For a writer, constructive feedback helps you get better. Not the flattery, nor the bland approval, but the decently phrased expression of confusion or disapproval. It’s the literary equivalent of a pulled tooth; painful and a bit upsetting but in the long run, it will make you better. Anyway this is the stuff I tell my creative writing students and it’s aimed at the ones who shriek: You’re not getting what I’m trying to do! when I point out the lack of story, or info dump when back story gets shovelled into the narrative like snow on a street instead of gently dribbled in like oil into mayonnaise. And as I offer this criticism as gently as possible I find myself thinking that it’s feeding into my writing and hopefully making it better. I tell them the story of a fellow editor at Random House who read a book proposal and made notes in the margin. Unfortunately she forgot to rub them out when rejecting the proposal. The actual rejection letter was the usual blanditudes of the book not fitting into the lists, liked it but didn’t love it etc. But the comments in the text were another story. They ranged from Shite to What the fuck is this? to the utterly crushing Can’t Write.
So when I’m overrun with work from my students I sourly reflect on the massive gap between my carefully phrased positive criticisms and what I really think. It’s not pretty. What if, instead of writing, Interesting idea to write an epic poem about an intellectual argument between Mars and Venus but not sure it’s sustainable, I was entirely honest with You show neither writing talent, nor the ability to listen to advice, and seem to think that utterly incomprehensible writing is a true mark of your maverick genius.
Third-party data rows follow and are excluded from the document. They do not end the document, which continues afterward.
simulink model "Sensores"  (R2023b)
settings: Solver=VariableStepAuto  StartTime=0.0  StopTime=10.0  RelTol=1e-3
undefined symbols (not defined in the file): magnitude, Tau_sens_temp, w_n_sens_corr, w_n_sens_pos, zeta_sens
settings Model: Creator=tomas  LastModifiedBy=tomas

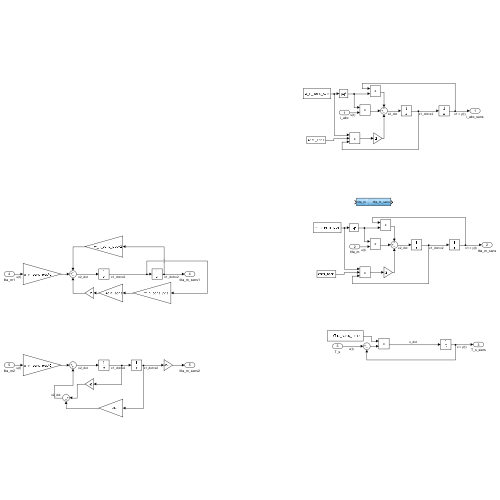
[thumbnail: Simulink's stored preview of the top-level diagram]
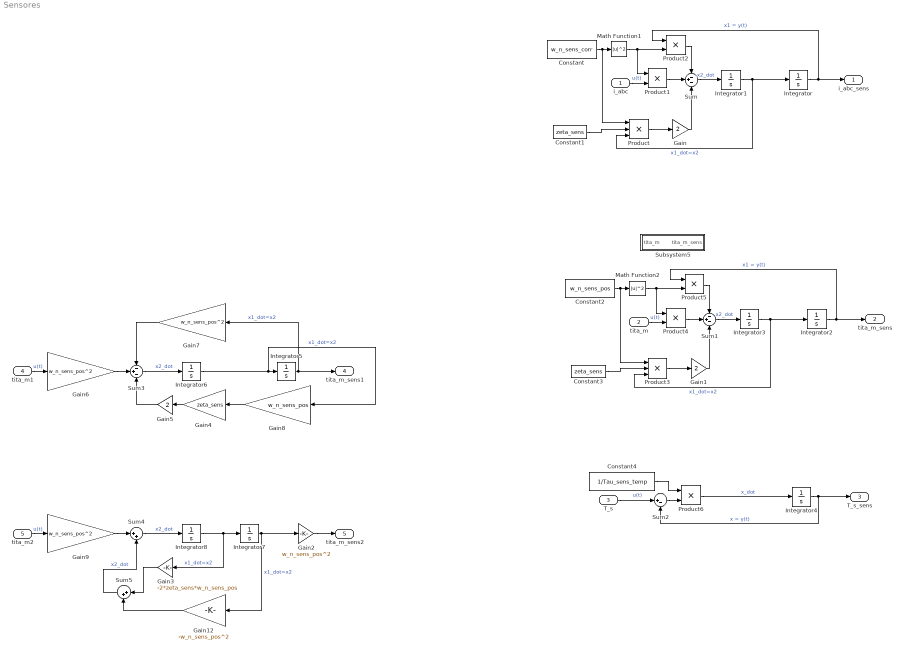
== system Sensores ==
  i_abc : Inport
  tita_m : Inport  Port=2
  T_s : Inport  Port=3
  tita_m1 : Inport  Port=4
  tita_m2 : Inport  Port=5
  Constant : Constant  Value=w_n_sens_corr
  Constant1 : Constant  Value=zeta_sens
  Constant2 : Constant  Value=w_n_sens_pos
  Constant3 : Constant  Value=zeta_sens
  Constant4 : Constant  Value=1/Tau_sens_temp
  Gain : Gain  Gain=2
  Gain1 : Gain  Gain=2
  Gain12 : Gain  Gain=-w_n_sens_pos^2
  Gain{2,6..7,9} (4 alike) : Gain  Gain=w_n_sens_pos^2
  Gain3 : Gain  Gain=-2*zeta_sens*w_n_sens_pos
  Gain4 : Gain  Gain=zeta_sens
  Gain5 : Gain  Gain=2
  Gain8 : Gain  Gain=w_n_sens_pos
  Integrator{,1..8} (9 alike) : Integrator
  Math Function1 : Math  Operator=magnitude^2
  Math Function2 : Math  Operator=magnitude^2
  Product : Product  Inputs=3
  Product{1..2,4..6} (5 alike) : Product
  Product3 : Product  Inputs=3
  Subsystem5 : Subsystem
  Sum : Sum  Inputs=-+-
  Sum1 : Sum  Inputs=-+-
  Sum2 : Sum  Inputs=|+-
  Sum3 : Sum  Inputs=-+-
  Sum4 : Sum  Inputs=|++
  Sum5 : Sum  Inputs=|++
  i_abc_sens : Outport
  tita_m_sens : Outport  Port=2
  T_s_sens : Outport  Port=3
  tita_m_sens1 : Outport  Port=4
  tita_m_sens2 : Outport  Port=5
  wires:
  Integrator/1 -> i_abc_sens/1, Product2/1  "x1 = y(t)"
  Integrator1/1 -> Product/3, Integrator/1  "x1_dot=x2"
  Constant/1 -> Product/1, Math Function1/1
  i_abc/1 -> Product1/2  "u(t)"
  Math Function1/1 -> Product2/2, Product1/1
  Product1/1 -> Sum/2
  Product2/1 -> Sum/1
  Product/1 -> Gain/1
  Gain/1 -> Sum/3
  Sum/1 -> Integrator1/1  "x2_dot"
  Constant1/1 -> Product/2
  Product4/1 -> Sum1/2
  Gain1/1 -> Sum1/3
  Constant2/1 -> Product3/1, Math Function2/1
  tita_m/1 -> Product4/2  "u(t)"
  Product3/1 -> Gain1/1
  Product5/1 -> Sum1/1
  Math Function2/1 -> Product5/2, Product4/1
  Sum1/1 -> Integrator3/1  "x2_dot"
  Constant3/1 -> Product3/2
  Integrator3/1 -> Product3/3, Integrator2/1  "x1_dot=x2"
  Integrator2/1 -> tita_m_sens/1, Product5/1  "x1 = y(t)"
  Integrator4/1 -> Sum2/2, T_s_sens/1  "x = y(t)"
  Product6/1 -> Integrator4/1  "x_dot"
  T_s/1 -> Sum2/1  "u(t)"
  Sum2/1 -> Product6/2
  Constant4/1 -> Product6/1
  tita_m1/1 -> Gain6/1  "u(t)"
  Gain6/1 -> Sum3/2
  Sum3/1 -> Integrator6/1  "x2_dot"
  Integrator6/1 -> Gain8/1, Integrator5/1  "x1_dot=x2"
  Integrator5/1 -> Gain7/1, tita_m_sens1/1  "x1_dot=x2"
  Gain7/1 -> Sum3/1
  Gain5/1 -> Sum3/3
  Gain4/1 -> Gain5/1
  Gain8/1 -> Gain4/1
  Integrator8/1 -> Gain3/1, Integrator7/1  "x1_dot=x2"
  tita_m2/1 -> Gain9/1  "u(t)"
  Sum4/1 -> Integrator8/1  "x2_dot"
  Gain12/1 -> Sum5/2
  Gain3/1 -> Sum5/1
  Sum5/1 -> Sum4/2  "x2_dot"
  Gain9/1 -> Sum4/1
  Integrator7/1 -> Gain12/1, Gain2/1  "x1_dot=x2"
  Gain2/1 -> tita_m_sens2/1

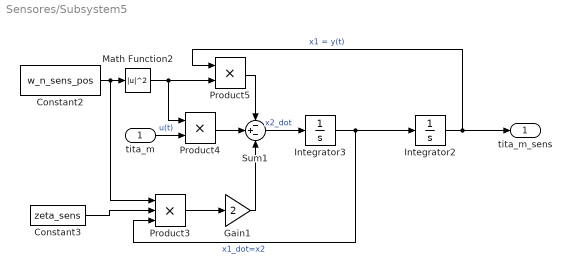
== system Sensores/Subsystem5 ==
  tita_m : Inport
  Constant2 : Constant  Value=w_n_sens_pos
  Constant3 : Constant  Value=zeta_sens
  Gain1 : Gain  Gain=2
  Integrator2 : Integrator
  Integrator3 : Integrator
  Math Function2 : Math  Operator=magnitude^2
  Product3 : Product  Inputs=3
  Product4 : Product
  Product5 : Product
  Sum1 : Sum  Inputs=-+-
  tita_m_sens : Outport
  wires:
  Constant2/1 -> Product3/1, Math Function2/1
  Gain1/1 -> Sum1/3
  Product4/1 -> Sum1/2
  Integrator3/1 -> Product3/3, Integrator2/1  "x1_dot=x2"
  Product3/1 -> Gain1/1
  Constant3/1 -> Product3/2
  Math Function2/1 -> Product5/2, Product4/1
  Product5/1 -> Sum1/1
  tita_m/1 -> Product4/2  "u(t)"
  Sum1/1 -> Integrator3/1  "x2_dot"
  Integrator2/1 -> tita_m_sens/1, Product5/1  "x1 = y(t)"

If I have to mark your awful poem I swear I will kill myself.
Not funny enough said a dear, close friend whose work and word I trust utterly when looking at a very rough draft of a script I wrote. And yes, it’s a comedy. I sat wanting to cry and hit him while shouting: You’re not getting what I’m trying to do! Instead, far more maturely I sulked. Oh and I don’t get what’s happening in Scene Two he added, unaware that he’d just punched a hole in my heart. Or Scene Three.
I looked over the script again and realised he was right. It wasn’t funny enough. And it wasn’t clear enough either. I still hated him and wanted to hit him but he was right. So I am taking a large, stinky spoonful of my own medicine and rewriting.
Actually having someone who tells you the truth about your work is as important as writing itself, I think. It doesn’t mean that you should shrug off praise and plaudits, because writers get little enough of them. But being able to take a deep breath and rewrite to make it better is what sorts out the writers from the dabblers and the epic planet poeteers.